David Gray

Personal information
- Full name: David Anthony Athelstan Gray
- Born: 19 June 1922 Kensington, London, England
- Died: 9 November 2003 (aged 81) Bristol, England
- Batting: Right-handed
- Bowling: Slow left-arm orthodox
- Role: Bowler

Domestic team information
- 1947: Cambridge University
- 1947: Essex

Career statistics
| Competition | First-class |
| Matches | 3 |
| Runs scored | 22 |
| Batting average | 4.40 |
| 100s/50s | 0/0 |
| Top score | 8 |
| Balls bowled | 482 |
| Wickets | 3 |
| Bowling average | 60.66 |
| 5 wickets in innings | 0 |
| 10 wickets in match | 0 |
| Best bowling | 2/67 |
| Catches/stumpings | 1/– |
- Source: Cricinfo, 19 July 2013

= David Gray (cricketer) =

English cricketer

David Anthony Athelstan Gray (19 June 1922 – 9 November 2003) was an English cricketer. He made three first-class appearances in 1947, playing for Cambridge University and Essex County Cricket Club.

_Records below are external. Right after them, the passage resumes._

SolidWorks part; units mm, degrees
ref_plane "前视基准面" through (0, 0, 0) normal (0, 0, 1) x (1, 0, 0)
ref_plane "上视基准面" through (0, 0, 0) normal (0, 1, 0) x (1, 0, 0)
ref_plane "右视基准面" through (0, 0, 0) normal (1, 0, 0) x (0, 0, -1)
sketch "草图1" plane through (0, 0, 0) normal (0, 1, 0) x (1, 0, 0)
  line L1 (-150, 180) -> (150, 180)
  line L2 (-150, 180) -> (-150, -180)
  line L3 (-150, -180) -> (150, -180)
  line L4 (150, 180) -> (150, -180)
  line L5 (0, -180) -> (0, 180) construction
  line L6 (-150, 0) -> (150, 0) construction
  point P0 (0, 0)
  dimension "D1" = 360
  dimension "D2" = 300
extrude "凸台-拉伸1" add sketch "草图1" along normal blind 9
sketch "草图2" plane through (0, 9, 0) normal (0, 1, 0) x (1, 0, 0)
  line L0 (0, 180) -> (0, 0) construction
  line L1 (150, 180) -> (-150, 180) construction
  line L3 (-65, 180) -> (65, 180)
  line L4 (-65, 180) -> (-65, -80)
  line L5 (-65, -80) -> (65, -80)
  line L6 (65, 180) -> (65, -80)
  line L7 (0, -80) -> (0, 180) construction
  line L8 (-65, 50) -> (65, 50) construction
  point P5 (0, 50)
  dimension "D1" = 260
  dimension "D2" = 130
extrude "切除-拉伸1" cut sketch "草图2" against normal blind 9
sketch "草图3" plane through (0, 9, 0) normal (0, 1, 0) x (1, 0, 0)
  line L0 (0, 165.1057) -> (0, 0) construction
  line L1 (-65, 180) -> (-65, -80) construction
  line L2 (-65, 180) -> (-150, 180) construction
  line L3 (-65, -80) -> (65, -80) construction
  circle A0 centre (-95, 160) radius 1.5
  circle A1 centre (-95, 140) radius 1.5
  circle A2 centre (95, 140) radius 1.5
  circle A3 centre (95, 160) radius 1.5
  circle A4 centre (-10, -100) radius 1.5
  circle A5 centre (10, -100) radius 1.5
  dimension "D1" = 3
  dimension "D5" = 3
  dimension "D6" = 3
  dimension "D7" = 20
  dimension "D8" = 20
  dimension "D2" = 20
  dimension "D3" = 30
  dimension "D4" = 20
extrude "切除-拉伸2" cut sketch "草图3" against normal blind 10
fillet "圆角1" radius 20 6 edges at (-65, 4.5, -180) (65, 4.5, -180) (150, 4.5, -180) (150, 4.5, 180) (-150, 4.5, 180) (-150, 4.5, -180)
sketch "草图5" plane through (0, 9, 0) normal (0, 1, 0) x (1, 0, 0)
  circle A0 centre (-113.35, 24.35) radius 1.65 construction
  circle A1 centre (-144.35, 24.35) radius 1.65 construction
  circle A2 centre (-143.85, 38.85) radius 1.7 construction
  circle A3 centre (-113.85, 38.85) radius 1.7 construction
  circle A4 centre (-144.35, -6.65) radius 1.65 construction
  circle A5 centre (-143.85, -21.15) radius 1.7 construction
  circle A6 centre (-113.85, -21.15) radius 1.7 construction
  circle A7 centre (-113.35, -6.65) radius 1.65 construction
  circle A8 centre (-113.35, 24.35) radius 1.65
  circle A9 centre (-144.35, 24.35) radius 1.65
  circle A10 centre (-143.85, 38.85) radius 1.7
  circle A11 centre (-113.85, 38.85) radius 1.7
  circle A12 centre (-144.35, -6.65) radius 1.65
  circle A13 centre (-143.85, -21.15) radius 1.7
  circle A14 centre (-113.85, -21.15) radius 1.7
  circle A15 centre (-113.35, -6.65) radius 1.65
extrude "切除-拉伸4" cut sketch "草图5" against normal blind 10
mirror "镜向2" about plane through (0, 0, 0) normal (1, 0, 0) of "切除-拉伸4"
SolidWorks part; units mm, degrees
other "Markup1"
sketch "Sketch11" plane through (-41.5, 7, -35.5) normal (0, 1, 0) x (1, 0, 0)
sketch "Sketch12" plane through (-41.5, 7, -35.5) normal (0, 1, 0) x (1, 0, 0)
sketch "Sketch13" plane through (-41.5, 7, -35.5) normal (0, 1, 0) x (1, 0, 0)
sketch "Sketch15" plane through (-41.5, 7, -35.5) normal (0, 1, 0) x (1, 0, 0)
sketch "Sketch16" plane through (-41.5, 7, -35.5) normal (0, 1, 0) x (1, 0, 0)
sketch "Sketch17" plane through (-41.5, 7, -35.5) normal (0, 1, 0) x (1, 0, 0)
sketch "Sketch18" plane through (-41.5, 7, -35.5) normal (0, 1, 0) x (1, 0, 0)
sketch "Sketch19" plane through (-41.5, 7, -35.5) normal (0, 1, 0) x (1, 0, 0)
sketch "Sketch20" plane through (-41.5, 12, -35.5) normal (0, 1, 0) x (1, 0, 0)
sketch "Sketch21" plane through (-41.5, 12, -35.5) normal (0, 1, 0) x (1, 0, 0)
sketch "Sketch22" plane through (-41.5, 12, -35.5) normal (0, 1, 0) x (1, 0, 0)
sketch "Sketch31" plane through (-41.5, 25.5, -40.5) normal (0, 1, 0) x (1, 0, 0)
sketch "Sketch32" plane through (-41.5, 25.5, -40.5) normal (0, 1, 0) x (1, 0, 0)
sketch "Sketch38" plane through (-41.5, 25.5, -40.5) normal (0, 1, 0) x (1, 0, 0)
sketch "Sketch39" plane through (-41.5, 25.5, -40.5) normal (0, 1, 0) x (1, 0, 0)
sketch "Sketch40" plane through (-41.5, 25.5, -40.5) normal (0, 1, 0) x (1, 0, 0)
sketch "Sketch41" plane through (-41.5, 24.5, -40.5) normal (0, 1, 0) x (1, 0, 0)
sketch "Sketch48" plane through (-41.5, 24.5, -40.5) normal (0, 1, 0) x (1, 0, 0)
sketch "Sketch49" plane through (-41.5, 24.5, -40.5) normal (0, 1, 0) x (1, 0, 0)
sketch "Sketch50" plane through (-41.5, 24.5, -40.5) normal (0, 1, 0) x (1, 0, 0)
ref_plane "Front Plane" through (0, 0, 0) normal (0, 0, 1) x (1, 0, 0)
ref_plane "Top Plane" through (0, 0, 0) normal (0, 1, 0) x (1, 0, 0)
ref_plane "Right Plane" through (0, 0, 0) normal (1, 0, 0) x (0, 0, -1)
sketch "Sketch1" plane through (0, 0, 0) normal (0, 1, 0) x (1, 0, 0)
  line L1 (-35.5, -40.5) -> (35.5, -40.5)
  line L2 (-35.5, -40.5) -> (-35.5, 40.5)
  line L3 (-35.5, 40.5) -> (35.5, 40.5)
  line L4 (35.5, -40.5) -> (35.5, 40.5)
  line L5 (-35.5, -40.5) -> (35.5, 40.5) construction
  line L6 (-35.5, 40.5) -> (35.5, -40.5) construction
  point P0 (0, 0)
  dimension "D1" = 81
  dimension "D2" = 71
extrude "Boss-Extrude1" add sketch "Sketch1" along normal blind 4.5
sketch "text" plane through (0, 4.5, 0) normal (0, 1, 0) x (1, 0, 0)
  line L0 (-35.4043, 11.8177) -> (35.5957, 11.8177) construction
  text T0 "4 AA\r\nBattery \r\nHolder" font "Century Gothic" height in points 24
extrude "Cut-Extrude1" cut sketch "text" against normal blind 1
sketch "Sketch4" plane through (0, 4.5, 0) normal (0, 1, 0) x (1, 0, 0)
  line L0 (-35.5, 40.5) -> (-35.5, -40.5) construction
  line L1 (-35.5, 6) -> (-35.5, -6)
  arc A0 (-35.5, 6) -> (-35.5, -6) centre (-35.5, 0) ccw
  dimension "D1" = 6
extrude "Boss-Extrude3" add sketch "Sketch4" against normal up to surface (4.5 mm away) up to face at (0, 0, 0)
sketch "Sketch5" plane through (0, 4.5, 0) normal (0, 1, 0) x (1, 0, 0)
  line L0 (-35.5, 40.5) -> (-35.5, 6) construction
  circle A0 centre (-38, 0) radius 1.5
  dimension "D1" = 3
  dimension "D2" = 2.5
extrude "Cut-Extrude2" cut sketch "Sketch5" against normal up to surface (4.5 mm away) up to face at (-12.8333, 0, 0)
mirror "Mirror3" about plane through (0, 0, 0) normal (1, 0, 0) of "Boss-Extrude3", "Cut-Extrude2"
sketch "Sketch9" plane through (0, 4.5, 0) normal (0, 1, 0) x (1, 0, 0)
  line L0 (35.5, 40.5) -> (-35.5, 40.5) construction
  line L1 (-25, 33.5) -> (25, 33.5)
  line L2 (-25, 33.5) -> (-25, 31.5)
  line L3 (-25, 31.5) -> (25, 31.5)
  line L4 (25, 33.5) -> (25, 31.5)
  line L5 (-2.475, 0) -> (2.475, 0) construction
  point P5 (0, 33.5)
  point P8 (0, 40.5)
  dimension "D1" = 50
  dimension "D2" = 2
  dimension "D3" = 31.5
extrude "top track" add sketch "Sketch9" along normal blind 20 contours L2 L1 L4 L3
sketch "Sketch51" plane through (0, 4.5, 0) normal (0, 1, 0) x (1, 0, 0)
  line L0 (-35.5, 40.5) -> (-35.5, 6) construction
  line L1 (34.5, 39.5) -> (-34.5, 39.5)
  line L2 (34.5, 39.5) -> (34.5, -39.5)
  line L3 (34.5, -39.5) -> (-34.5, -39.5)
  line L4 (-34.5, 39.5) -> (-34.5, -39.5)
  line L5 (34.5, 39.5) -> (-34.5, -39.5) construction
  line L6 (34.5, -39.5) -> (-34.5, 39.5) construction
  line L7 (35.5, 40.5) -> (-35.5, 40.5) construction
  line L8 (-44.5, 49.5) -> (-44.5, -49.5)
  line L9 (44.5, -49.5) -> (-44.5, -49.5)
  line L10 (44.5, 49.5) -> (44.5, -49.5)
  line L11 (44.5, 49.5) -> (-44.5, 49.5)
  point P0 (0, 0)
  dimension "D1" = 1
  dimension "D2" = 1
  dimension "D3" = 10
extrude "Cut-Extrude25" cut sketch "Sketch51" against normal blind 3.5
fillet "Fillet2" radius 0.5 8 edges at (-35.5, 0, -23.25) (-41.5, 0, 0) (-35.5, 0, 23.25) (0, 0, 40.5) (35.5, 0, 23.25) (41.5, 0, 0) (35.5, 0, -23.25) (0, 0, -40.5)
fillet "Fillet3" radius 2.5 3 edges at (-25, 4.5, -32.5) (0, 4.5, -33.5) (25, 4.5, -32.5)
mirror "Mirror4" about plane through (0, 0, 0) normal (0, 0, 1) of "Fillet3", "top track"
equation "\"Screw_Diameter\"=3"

Born at Kensington in 1922, Gray was educated at Winchester College where he played cricket in the school team, captaining it in 1941. Described as bolding "steadily and sensibly", in 1940 he took six wickets in the college's victory against Harrow. As captain the following season Wisden thought that he "bowled most intelligently and encouraged others to follow his example" and considered him a "good captain". A slow left-arm orthodox bowler, the almanack considered him one of the leading schoolboy cricketers in his final year at Winchester, selecting him in its Public Schools XI in the 1942 edition.

After leaving school, Gray joined the Royal Air Force. He served in Bomber Command for the remainder of World War II, winning the Distinguished Flying Cross. Following the war he went up to Cambridge. He played for Essex Second XI in 1946 before making his three first-class appearances the following season, playing twice for the university in early May. He made his only senior appearance for Essex in a match against the university later in the month. He took three first-class wickets, two for Cambridge and one for Essex.

Gray worked for the Imperial Tobacco Company in Bristol. He died in the city in 2003, aged 81.